Zoe appreciated the girl’s apprehension. “Hey Lily,” she said, “check this out.” She held the silks up against her and posed like a high-fashion model. “Could you imagine trying to find a decent pair of shoes to match this?” She puckered her lips and made a funny face.
Lily snickered.
Shannon partnered with her sister to gain Lily’s trust. “It would be hard.”
Zoe nodded. “What do you think, Shay? Flats or pumps?” She
bounced up and down on the balls of her feet for full effect.
“Pumps all the way. The only way to rock an outfit as ugly as that is in a great pair of pumps.”
“Gucci?”
Shannon shook her head. “Christian Louboutin. Goes better with silk. Lily could totally pull off a pair of Loubou’s.”
“Then again,” Zoe said, “there’s always Prada.”
“Correction,” Shannon said. “There’s always Prada.”
Lily pointed to her muddy running shoes. “I wear Nike’s.”
“Excellent choice!” Shannon said. “What do you say we see how well your Nike’s go with this flashy little number?”
Lily hesitated, then agreed. “Okay.”
“Perfect,” Zoe said. “But if we’re gonna do this right, and by that, I mean fashion model right, we’ll need a change room.”

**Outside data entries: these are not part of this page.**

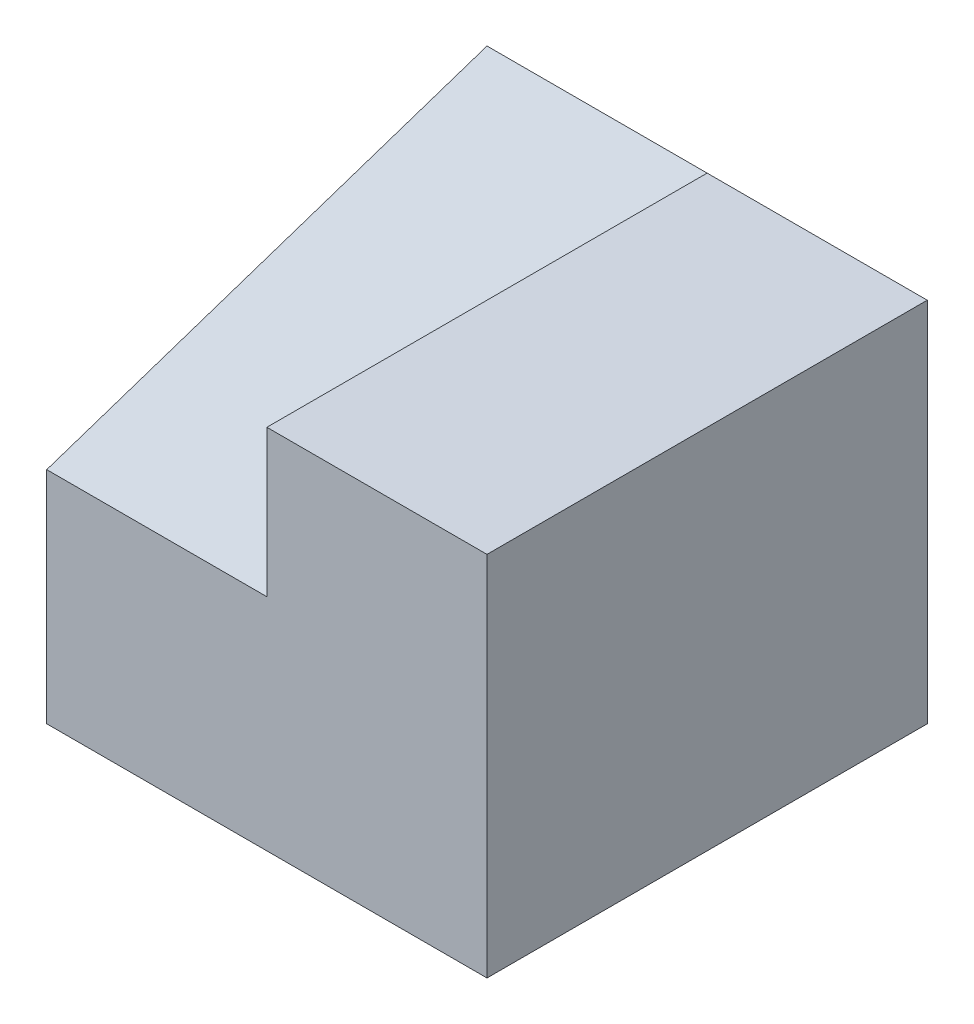
ISO-10303-21;
HEADER;
FILE_DESCRIPTION(('STEP AP214'),'2;1');
FILE_NAME('part.step','',(''),(''),'','','');
FILE_SCHEMA(('AUTOMOTIVE_DESIGN { 1 0 10303 214 1 1 1 1 }'));
ENDSEC;
DATA;
#1=APPLICATION_CONTEXT('core data for automotive mechanical design processes');
#2=APPLICATION_PROTOCOL_DEFINITION('international standard','automotive_design',2000,#1);
#3=PRODUCT_CONTEXT('',#1,'mechanical');
#4=PRODUCT('Part','Part','',(#3));
#5=PRODUCT_RELATED_PRODUCT_CATEGORY('part','',(#4));
#6=PRODUCT_DEFINITION_FORMATION('','',#4);
#7=PRODUCT_DEFINITION_CONTEXT('part definition',#1,'design');
#8=PRODUCT_DEFINITION('design','',#6,#7);
#9=PRODUCT_DEFINITION_SHAPE('','',#8);
#10=(LENGTH_UNIT() NAMED_UNIT(*) SI_UNIT(.MILLI.,.METRE.));
#11=(NAMED_UNIT(*) PLANE_ANGLE_UNIT() SI_UNIT($,.RADIAN.));
#12=(NAMED_UNIT(*) SI_UNIT($,.STERADIAN.) SOLID_ANGLE_UNIT());
#13=UNCERTAINTY_MEASURE_WITH_UNIT(LENGTH_MEASURE(1.E-05),#10,'distance_accuracy_value','');
#14=(GEOMETRIC_REPRESENTATION_CONTEXT(3) GLOBAL_UNCERTAINTY_ASSIGNED_CONTEXT((#13)) GLOBAL_UNIT_ASSIGNED_CONTEXT((#10,
#11,#12)) REPRESENTATION_CONTEXT('',''));
#15=CARTESIAN_POINT('',(0.,0.,0.));
#16=DIRECTION('',(0.,0.,1.));
#17=DIRECTION('',(1.,0.,0.));
#18=AXIS2_PLACEMENT_3D('',#15,#16,#17);
#19=CARTESIAN_POINT('',(0.,0.,6.));
#20=DIRECTION('',(1.,0.,0.));
#21=DIRECTION('',(0.,0.,-1.));
#22=AXIS2_PLACEMENT_3D('',#19,#20,#21);
#23=PLANE('',#22);
#24=DIRECTION('',(0.,-1.,0.));
#25=VECTOR('',#24,1.);
#26=CARTESIAN_POINT('',(0.,0.,6.));
#27=LINE('',#26,#25);
#28=CARTESIAN_POINT('',(0.,3.,6.));
#29=VERTEX_POINT('',#28);
#30=CARTESIAN_POINT('',(0.,0.,6.));
#31=VERTEX_POINT('',#30);
#32=EDGE_CURVE('E78',#29,#31,#27,.T.);
#33=ORIENTED_EDGE('',*,*,#32,.F.);
#34=DIRECTION('',(0.,-0.316227766016838,0.948683298050514));
#35=VECTOR('',#34,1.);
#36=CARTESIAN_POINT('',(0.,5.,0.));
#37=LINE('',#36,#35);
#38=CARTESIAN_POINT('',(0.,5.,0.));
#39=VERTEX_POINT('',#38);
#40=EDGE_CURVE('E96',#39,#29,#37,.T.);
#41=ORIENTED_EDGE('',*,*,#40,.F.);
#42=DIRECTION('',(0.,-1.,0.));
#43=VECTOR('',#42,1.);
#44=CARTESIAN_POINT('',(0.,0.,0.));
#45=LINE('',#44,#43);
#46=CARTESIAN_POINT('',(0.,0.,0.));
#47=VERTEX_POINT('',#46);
#48=EDGE_CURVE('E98',#39,#47,#45,.T.);
#49=ORIENTED_EDGE('',*,*,#48,.T.);
#50=DIRECTION('',(0.,0.,-1.));
#51=VECTOR('',#50,1.);
#52=CARTESIAN_POINT('',(0.,0.,6.));
#53=LINE('',#52,#51);
#54=EDGE_CURVE('E11',#31,#47,#53,.T.);
#55=ORIENTED_EDGE('',*,*,#54,.F.);
#56=EDGE_LOOP('',(#33,#41,#49,#55));
#57=FACE_BOUND('',#56,.T.);
#58=ADVANCED_FACE('F33',(#57),#23,.F.);
#59=CARTESIAN_POINT('',(0.,0.,6.));
#60=DIRECTION('',(0.,1.,0.));
#61=DIRECTION('',(0.,0.,1.));
#62=AXIS2_PLACEMENT_3D('',#59,#60,#61);
#63=PLANE('',#62);
#64=DIRECTION('',(1.,0.,0.));
#65=VECTOR('',#64,1.);
#66=CARTESIAN_POINT('',(0.,0.,0.));
#67=LINE('',#66,#65);
#68=CARTESIAN_POINT('',(6.,0.,0.));
#69=VERTEX_POINT('',#68);
#70=EDGE_CURVE('E121',#47,#69,#67,.T.);
#71=ORIENTED_EDGE('',*,*,#70,.T.);
#72=DIRECTION('',(0.,0.,-1.));
#73=VECTOR('',#72,1.);
#74=CARTESIAN_POINT('',(6.,0.,6.));
#75=LINE('',#74,#73);
#76=CARTESIAN_POINT('',(6.,0.,6.));
#77=VERTEX_POINT('',#76);
#78=EDGE_CURVE('E40',#77,#69,#75,.T.);
#79=ORIENTED_EDGE('',*,*,#78,.F.);
#80=DIRECTION('',(1.,0.,0.));
#81=VECTOR('',#80,1.);
#82=CARTESIAN_POINT('',(0.,0.,6.));
#83=LINE('',#82,#81);
#84=EDGE_CURVE('E113',#31,#77,#83,.T.);
#85=ORIENTED_EDGE('',*,*,#84,.F.);
#86=ORIENTED_EDGE('',*,*,#54,.T.);
#87=EDGE_LOOP('',(#71,#79,#85,#86));
#88=FACE_BOUND('',#87,.T.);
#89=ADVANCED_FACE('F142',(#88),#63,.F.);
#90=CARTESIAN_POINT('',(6.,0.,6.));
#91=DIRECTION('',(-1.,0.,0.));
#92=DIRECTION('',(0.,0.,1.));
#93=AXIS2_PLACEMENT_3D('',#90,#91,#92);
#94=PLANE('',#93);
#95=DIRECTION('',(0.,1.,0.));
#96=VECTOR('',#95,1.);
#97=CARTESIAN_POINT('',(6.,0.,0.));
#98=LINE('',#97,#96);
#99=CARTESIAN_POINT('',(6.,5.,0.));
#100=VERTEX_POINT('',#99);
#101=EDGE_CURVE('E73',#69,#100,#98,.T.);
#102=ORIENTED_EDGE('',*,*,#101,.T.);
#103=DIRECTION('',(0.,0.,-1.));
#104=VECTOR('',#103,1.);
#105=CARTESIAN_POINT('',(6.,5.,6.));
#106=LINE('',#105,#104);
#107=CARTESIAN_POINT('',(6.,5.,6.));
#108=VERTEX_POINT('',#107);
#109=EDGE_CURVE('E118',#108,#100,#106,.T.);
#110=ORIENTED_EDGE('',*,*,#109,.F.);
#111=DIRECTION('',(0.,1.,0.));
#112=VECTOR('',#111,1.);
#113=CARTESIAN_POINT('',(6.,0.,6.));
#114=LINE('',#113,#112);
#115=EDGE_CURVE('E56',#77,#108,#114,.T.);
#116=ORIENTED_EDGE('',*,*,#115,.F.);
#117=ORIENTED_EDGE('',*,*,#78,.T.);
#118=EDGE_LOOP('',(#102,#110,#116,#117));
#119=FACE_BOUND('',#118,.T.);
#120=ADVANCED_FACE('F127',(#119),#94,.F.);
#121=CARTESIAN_POINT('',(0.,5.,6.));
#122=DIRECTION('',(0.,-1.,0.));
#123=DIRECTION('',(0.,0.,-1.));
#124=AXIS2_PLACEMENT_3D('',#121,#122,#123);
#125=PLANE('',#124);
#126=DIRECTION('',(-1.,0.,0.));
#127=VECTOR('',#126,1.);
#128=CARTESIAN_POINT('',(0.,5.,0.));
#129=LINE('',#128,#127);
#130=CARTESIAN_POINT('',(3.,5.,0.));
#131=VERTEX_POINT('',#130);
#132=EDGE_CURVE('E114',#100,#131,#129,.T.);
#133=ORIENTED_EDGE('',*,*,#132,.T.);
#134=DIRECTION('',(0.,0.,-1.));
#135=VECTOR('',#134,1.);
#136=CARTESIAN_POINT('',(3.,5.,6.));
#137=LINE('',#136,#135);
#138=CARTESIAN_POINT('',(3.,5.,6.));
#139=VERTEX_POINT('',#138);
#140=EDGE_CURVE('E47',#139,#131,#137,.T.);
#141=ORIENTED_EDGE('',*,*,#140,.F.);
#142=DIRECTION('',(-1.,0.,0.));
#143=VECTOR('',#142,1.);
#144=CARTESIAN_POINT('',(0.,5.,6.));
#145=LINE('',#144,#143);
#146=EDGE_CURVE('E106',#108,#139,#145,.T.);
#147=ORIENTED_EDGE('',*,*,#146,.F.);
#148=ORIENTED_EDGE('',*,*,#109,.T.);
#149=EDGE_LOOP('',(#133,#141,#147,#148));
#150=FACE_BOUND('',#149,.T.);
#151=ADVANCED_FACE('F134',(#150),#125,.F.);
#152=CARTESIAN_POINT('',(0.,0.,6.));
#153=DIRECTION('',(0.,0.,-1.));
#154=DIRECTION('',(-1.,0.,0.));
#155=AXIS2_PLACEMENT_3D('',#152,#153,#154);
#156=PLANE('',#155);
#157=DIRECTION('',(0.,1.,0.));
#158=VECTOR('',#157,1.);
#159=CARTESIAN_POINT('',(3.,3.,6.));
#160=LINE('',#159,#158);
#161=CARTESIAN_POINT('',(3.,3.,6.));
#162=VERTEX_POINT('',#161);
#163=EDGE_CURVE('E102',#162,#139,#160,.T.);
#164=ORIENTED_EDGE('',*,*,#163,.F.);
#165=DIRECTION('',(-1.,0.,0.));
#166=VECTOR('',#165,1.);
#167=CARTESIAN_POINT('',(3.,3.,6.));
#168=LINE('',#167,#166);
#169=EDGE_CURVE('E91',#162,#29,#168,.T.);
#170=ORIENTED_EDGE('',*,*,#169,.T.);
#171=ORIENTED_EDGE('',*,*,#32,.T.);
#172=ORIENTED_EDGE('',*,*,#84,.T.);
#173=ORIENTED_EDGE('',*,*,#115,.T.);
#174=ORIENTED_EDGE('',*,*,#146,.T.);
#175=EDGE_LOOP('',(#164,#170,#171,#172,#173,#174));
#176=FACE_BOUND('',#175,.T.);
#177=ADVANCED_FACE('F104',(#176),#156,.F.);
#178=CARTESIAN_POINT('',(0.,0.,0.));
#179=DIRECTION('',(0.,0.,-1.));
#180=DIRECTION('',(-1.,0.,0.));
#181=AXIS2_PLACEMENT_3D('',#178,#179,#180);
#182=PLANE('',#181);
#183=ORIENTED_EDGE('',*,*,#48,.F.);
#184=DIRECTION('',(-1.,0.,0.));
#185=VECTOR('',#184,1.);
#186=CARTESIAN_POINT('',(3.,5.,0.));
#187=LINE('',#186,#185);
#188=EDGE_CURVE('E99',#131,#39,#187,.T.);
#189=ORIENTED_EDGE('',*,*,#188,.F.);
#190=ORIENTED_EDGE('',*,*,#132,.F.);
#191=ORIENTED_EDGE('',*,*,#101,.F.);
#192=ORIENTED_EDGE('',*,*,#70,.F.);
#193=EDGE_LOOP('',(#183,#189,#190,#191,#192));
#194=FACE_BOUND('',#193,.T.);
#195=ADVANCED_FACE('F132',(#194),#182,.T.);
#196=CARTESIAN_POINT('',(3.,5.,0.));
#197=DIRECTION('',(0.,-0.948683298050514,-0.316227766016838));
#198=DIRECTION('',(0.,0.316227766016838,-0.948683298050514));
#199=AXIS2_PLACEMENT_3D('',#196,#197,#198);
#200=PLANE('',#199);
#201=ORIENTED_EDGE('',*,*,#40,.T.);
#202=ORIENTED_EDGE('',*,*,#169,.F.);
#203=DIRECTION('',(0.,-0.316227766016838,0.948683298050514));
#204=VECTOR('',#203,1.);
#205=CARTESIAN_POINT('',(3.,5.,0.));
#206=LINE('',#205,#204);
#207=EDGE_CURVE('E93',#131,#162,#206,.T.);
#208=ORIENTED_EDGE('',*,*,#207,.F.);
#209=ORIENTED_EDGE('',*,*,#188,.T.);
#210=EDGE_LOOP('',(#201,#202,#208,#209));
#211=FACE_BOUND('',#210,.T.);
#212=ADVANCED_FACE('F92',(#211),#200,.F.);
#213=CARTESIAN_POINT('',(3.,0.,0.));
#214=DIRECTION('',(1.,0.,0.));
#215=DIRECTION('',(0.,0.,-1.));
#216=AXIS2_PLACEMENT_3D('',#213,#214,#215);
#217=PLANE('',#216);
#218=ORIENTED_EDGE('',*,*,#140,.T.);
#219=ORIENTED_EDGE('',*,*,#207,.T.);
#220=ORIENTED_EDGE('',*,*,#163,.T.);
#221=EDGE_LOOP('',(#218,#219,#220));
#222=FACE_BOUND('',#221,.T.);
#223=ADVANCED_FACE('F101',(#222),#217,.F.);
#224=CLOSED_SHELL('',(#58,#89,#120,#151,#177,#195,#212,#223));
#225=MANIFOLD_SOLID_BREP('B2',#224);
#226=ADVANCED_BREP_SHAPE_REPRESENTATION('',(#18,#225),#14);
#227=SHAPE_DEFINITION_REPRESENTATION(#9,#226);
ENDSEC;
END-ISO-10303-21;

“Coming right up,” Shannon said. She lifted the blanket off the little girl, held it up. “Ta da! Instant change room.”
Zoe handed Lily the silks. “Garments fit for a supermodel.”
Lily smiled. “You two are ridiculous,” she said. “I’m no model.” She took the silks from Zoe, hid behind the raised blanket, removed her wet top and shorts, and slipped into the fresh, dry clothes. The girl stepped out from behind the blanket. The outfit, tailored for a small person, fit her well.
“Well, look at you,” Zoe said. “Positively gorgeous!”
“Can I have your autograph?” Shannon teased.
Feeling they had come a little closer to gaining the girl’s trust, wanting to know more about her, Shannon asked, “How long have you been here, sweetie?”
Lily shrugged her shoulders. “I don’t know.”
“Do you sleep here?”
“Most of the time.”
“So not all the time.”
Lily shook her head. “Sometimes Uncle Emmett lets me stay with him.”
Shannon and Zoe exchanged glances. “Where does Uncle Emmett live, Lily?” Zoe asked.